**INFORMATION SUPPLIED**.
.....
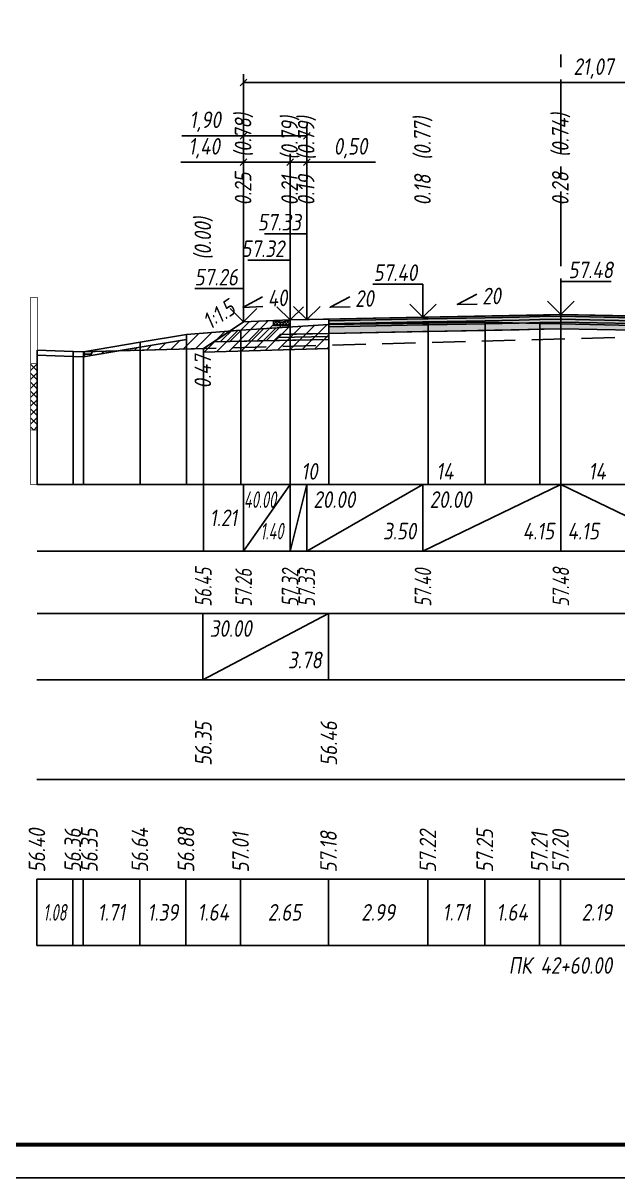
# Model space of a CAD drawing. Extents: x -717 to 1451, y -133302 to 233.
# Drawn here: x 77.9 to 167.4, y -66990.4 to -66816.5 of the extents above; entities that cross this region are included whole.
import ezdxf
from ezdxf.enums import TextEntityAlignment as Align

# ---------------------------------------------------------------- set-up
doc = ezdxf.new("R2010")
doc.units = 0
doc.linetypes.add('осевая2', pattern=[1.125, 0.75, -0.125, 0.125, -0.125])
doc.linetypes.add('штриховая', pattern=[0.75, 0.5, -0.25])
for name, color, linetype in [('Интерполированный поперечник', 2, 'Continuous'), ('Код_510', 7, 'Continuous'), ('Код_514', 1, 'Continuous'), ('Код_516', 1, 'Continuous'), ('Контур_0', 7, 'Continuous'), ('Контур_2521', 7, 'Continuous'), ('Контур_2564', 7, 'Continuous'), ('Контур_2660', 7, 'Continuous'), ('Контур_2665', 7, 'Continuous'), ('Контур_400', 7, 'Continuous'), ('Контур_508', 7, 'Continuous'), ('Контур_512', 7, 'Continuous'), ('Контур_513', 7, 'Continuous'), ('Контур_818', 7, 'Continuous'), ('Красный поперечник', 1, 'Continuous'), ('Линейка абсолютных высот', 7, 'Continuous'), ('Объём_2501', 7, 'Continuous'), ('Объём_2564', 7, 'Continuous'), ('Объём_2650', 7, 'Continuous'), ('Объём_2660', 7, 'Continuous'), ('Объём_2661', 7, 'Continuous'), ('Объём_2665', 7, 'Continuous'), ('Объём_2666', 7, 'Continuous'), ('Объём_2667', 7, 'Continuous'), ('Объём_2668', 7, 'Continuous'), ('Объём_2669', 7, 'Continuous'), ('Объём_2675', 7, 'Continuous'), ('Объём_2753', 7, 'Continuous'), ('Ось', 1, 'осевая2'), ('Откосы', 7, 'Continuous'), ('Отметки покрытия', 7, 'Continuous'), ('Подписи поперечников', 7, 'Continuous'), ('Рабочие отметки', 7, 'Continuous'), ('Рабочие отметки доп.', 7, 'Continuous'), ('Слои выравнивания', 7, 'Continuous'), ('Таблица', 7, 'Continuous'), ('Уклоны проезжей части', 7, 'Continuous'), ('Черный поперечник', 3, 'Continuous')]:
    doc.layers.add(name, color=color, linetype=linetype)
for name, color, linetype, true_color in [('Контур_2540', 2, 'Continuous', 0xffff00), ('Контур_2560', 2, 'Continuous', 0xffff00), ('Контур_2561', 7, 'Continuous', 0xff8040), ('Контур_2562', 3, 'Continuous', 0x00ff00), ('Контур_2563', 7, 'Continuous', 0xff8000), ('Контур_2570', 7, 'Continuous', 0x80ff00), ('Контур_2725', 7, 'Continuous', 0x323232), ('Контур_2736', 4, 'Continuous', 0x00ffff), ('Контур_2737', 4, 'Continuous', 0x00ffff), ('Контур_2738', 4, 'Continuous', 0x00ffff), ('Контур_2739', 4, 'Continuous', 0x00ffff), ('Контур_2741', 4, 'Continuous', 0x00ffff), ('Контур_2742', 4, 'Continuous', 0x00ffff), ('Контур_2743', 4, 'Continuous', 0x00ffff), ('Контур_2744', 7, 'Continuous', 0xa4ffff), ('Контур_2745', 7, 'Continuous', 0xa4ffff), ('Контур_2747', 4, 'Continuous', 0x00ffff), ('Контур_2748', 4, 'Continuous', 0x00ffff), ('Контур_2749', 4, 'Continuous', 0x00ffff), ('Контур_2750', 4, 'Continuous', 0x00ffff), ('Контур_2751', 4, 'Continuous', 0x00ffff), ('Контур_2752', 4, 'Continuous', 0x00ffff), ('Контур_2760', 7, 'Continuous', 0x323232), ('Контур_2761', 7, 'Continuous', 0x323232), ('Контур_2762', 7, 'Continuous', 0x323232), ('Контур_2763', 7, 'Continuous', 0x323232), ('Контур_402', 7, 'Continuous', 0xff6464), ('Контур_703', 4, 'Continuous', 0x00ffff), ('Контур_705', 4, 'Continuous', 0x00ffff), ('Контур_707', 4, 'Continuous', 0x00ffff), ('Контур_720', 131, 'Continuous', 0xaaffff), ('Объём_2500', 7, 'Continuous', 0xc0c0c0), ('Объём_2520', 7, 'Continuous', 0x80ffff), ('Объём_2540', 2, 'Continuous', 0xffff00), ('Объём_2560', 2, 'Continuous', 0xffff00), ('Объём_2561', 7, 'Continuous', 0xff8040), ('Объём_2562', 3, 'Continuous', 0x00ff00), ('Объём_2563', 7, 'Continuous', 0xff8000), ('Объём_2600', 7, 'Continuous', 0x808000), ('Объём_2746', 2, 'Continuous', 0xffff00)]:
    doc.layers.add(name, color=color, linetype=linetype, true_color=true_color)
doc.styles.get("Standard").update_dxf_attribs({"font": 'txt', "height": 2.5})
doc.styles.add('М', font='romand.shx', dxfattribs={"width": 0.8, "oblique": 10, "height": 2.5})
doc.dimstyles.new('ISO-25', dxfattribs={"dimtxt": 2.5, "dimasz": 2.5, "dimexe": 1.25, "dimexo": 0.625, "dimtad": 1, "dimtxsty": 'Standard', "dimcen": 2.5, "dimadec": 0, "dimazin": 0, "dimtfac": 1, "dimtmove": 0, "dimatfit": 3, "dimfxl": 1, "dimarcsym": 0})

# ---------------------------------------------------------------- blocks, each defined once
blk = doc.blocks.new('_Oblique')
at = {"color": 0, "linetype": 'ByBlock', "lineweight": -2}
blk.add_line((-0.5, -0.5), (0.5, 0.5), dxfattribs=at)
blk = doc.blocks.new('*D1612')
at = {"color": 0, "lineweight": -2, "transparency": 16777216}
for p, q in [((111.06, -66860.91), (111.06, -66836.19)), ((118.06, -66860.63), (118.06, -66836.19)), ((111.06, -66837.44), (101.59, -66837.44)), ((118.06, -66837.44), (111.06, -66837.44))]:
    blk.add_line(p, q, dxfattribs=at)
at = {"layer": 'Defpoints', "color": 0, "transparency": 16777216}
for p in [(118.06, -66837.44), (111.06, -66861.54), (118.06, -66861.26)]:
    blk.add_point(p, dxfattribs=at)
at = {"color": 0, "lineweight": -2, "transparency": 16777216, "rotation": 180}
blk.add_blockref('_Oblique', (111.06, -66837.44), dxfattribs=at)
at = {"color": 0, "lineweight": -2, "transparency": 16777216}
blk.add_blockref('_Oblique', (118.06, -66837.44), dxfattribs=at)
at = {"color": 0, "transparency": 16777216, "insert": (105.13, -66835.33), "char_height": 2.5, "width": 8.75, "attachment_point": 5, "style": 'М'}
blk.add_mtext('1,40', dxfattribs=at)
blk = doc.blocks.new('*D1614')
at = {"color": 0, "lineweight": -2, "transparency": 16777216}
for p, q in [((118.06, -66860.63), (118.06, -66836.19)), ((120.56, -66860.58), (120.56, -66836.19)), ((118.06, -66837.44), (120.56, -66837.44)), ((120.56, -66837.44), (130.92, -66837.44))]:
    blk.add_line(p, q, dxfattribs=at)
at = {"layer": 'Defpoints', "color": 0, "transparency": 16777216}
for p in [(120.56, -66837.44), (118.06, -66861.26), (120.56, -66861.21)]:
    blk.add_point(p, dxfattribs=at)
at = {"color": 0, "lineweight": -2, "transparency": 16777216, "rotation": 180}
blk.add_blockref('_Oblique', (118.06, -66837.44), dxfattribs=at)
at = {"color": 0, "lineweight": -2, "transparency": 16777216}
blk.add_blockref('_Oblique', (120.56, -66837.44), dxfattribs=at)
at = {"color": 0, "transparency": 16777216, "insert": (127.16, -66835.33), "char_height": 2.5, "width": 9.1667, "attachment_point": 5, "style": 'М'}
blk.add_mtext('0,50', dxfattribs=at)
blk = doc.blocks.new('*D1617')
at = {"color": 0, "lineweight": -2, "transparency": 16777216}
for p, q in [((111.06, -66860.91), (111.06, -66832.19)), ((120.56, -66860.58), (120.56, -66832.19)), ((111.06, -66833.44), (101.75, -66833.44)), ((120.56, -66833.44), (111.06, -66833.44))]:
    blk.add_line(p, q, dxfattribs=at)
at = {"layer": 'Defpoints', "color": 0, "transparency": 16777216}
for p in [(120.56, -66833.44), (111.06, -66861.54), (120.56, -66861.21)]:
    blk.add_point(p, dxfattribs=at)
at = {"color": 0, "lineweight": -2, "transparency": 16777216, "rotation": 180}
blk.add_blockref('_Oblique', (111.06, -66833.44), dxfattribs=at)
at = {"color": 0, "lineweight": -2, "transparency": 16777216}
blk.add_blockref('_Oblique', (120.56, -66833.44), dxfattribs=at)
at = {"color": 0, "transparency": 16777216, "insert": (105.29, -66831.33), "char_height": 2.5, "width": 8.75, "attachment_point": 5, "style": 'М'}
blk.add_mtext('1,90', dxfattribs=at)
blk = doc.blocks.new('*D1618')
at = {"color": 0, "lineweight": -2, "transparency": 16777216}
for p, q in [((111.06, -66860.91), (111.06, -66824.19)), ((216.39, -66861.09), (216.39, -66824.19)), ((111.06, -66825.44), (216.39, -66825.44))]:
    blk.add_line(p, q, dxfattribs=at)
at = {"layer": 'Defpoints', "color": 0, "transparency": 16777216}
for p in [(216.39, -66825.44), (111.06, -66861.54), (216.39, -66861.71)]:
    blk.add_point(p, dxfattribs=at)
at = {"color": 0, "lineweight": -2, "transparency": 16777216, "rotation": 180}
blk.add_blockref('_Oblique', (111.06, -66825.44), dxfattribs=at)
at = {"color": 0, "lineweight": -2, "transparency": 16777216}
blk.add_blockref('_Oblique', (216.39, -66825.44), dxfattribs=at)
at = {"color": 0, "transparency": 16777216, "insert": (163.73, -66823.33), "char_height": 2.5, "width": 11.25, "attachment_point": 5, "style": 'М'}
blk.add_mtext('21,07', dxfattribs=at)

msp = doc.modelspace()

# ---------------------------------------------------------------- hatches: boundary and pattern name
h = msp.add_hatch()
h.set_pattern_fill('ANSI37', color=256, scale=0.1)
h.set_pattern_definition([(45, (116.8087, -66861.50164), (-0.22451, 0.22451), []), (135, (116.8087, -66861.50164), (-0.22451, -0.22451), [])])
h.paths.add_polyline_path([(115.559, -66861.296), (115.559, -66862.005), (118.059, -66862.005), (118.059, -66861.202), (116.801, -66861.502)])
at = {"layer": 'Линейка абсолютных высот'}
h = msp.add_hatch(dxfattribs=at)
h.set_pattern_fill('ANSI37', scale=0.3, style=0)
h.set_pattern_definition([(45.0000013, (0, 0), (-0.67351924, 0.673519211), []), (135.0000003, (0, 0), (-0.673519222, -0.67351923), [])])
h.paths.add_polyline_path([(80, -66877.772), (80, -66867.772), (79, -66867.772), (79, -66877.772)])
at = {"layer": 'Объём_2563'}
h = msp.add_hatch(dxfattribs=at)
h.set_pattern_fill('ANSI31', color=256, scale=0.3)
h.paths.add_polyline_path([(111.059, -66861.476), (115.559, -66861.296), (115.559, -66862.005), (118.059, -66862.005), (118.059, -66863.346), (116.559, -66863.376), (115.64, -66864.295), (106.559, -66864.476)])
.....
**YOUR INSTRUCTIONS**. How many lines of the entries above hold the string "width"? Reply with the number alone.

**REPLY**. 5